4年生になり就活したが、なかなか決まらなかった。「20代のうちにチャレンジしてもいいのではないか」。担当教員からのプッシュもあり、イラストレーターとして生計を立てることに決めた。

3年間イラストレーターとして働いた。スマートフォンのゲームのキャラクターなどを手がけた。「プロ」として自分が手がけた作品がたくさんの人の目にとまり反響を得られたことは代えがたい経験となった。一方で、収入は不安定。「将来家庭を持つことを考えるとやはり就職したほうがいい」と思い至った。

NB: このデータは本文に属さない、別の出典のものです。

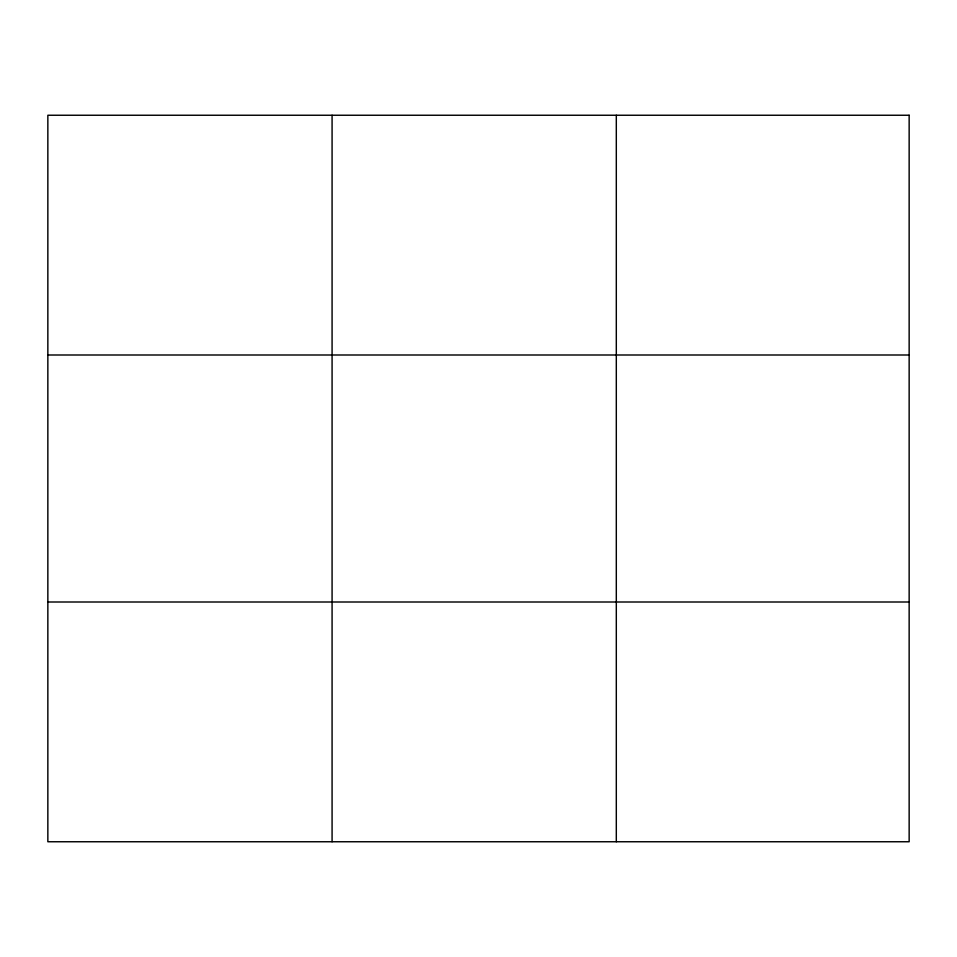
<?xml version="1.0" encoding="UTF-8"?>
<svg xmlns="http://www.w3.org/2000/svg" width="957" height="957" viewBox="0 0 957 957"><rect width="100%" height="100%" fill="white"/><g stroke="black" fill="none" stroke-linecap="round" stroke-linejoin="round"><path stroke-width="1.44" d="M332.079 115.247L332.079 841.753M616.308 115.247L616.308 841.753M47.85 354.999L909.15 354.999M47.85 602.001L909.15 602.001M909.15 115.247L909.15 841.753L47.85 841.753L47.85 115.247L909.15 115.247"/></g></svg>

3年間の勤め人としてのブランクがある。選考では不利にはならなかったのか。「内定先企業には個人事業主として、1人で仕事をマネジメントする力を能力として評価してもらえた」

企業側の「新卒」の扱いも少しずつ変化し始めている。ソフトバンクは15年に、30歳未満であれば通年エントリー可能とする採用方式「ユニバーサル採用」を設けた。入社時期は4月と10月だが、エントリーはいつでも受け付ける。

直近3年の新入社員のうち、約10%が海外大卒か既卒だ。「経験を生かして活躍してくれるかどうかに視線が向いている。ストレートでないとダメだというのは全くない」(人事総務統括人事本部の杉原倫子部長)

米国の2年制大学と4年制大学に計5年間留学していた川北淳平さんは昨年10月にソフトバンクに入社した。昨年5月に卒業した川北さんにとって、3~4月のうちに就職活動が本格化する採用慣行は不利だ。通年採用なら「一社一社の選考に集中して、自分に合う会社か判断できる」。

「30歳の新卒」採用はまだゼロ

新卒扱いの年齢を上げる企業は増えているものの、ソフトバンクのように制度として機能している企業はまだ少ない。29歳以下まで新卒扱いにしているある大手金融では21年卒の採用で、27~28歳の応募は約40人あったが、実際採用されたのはゼロだった。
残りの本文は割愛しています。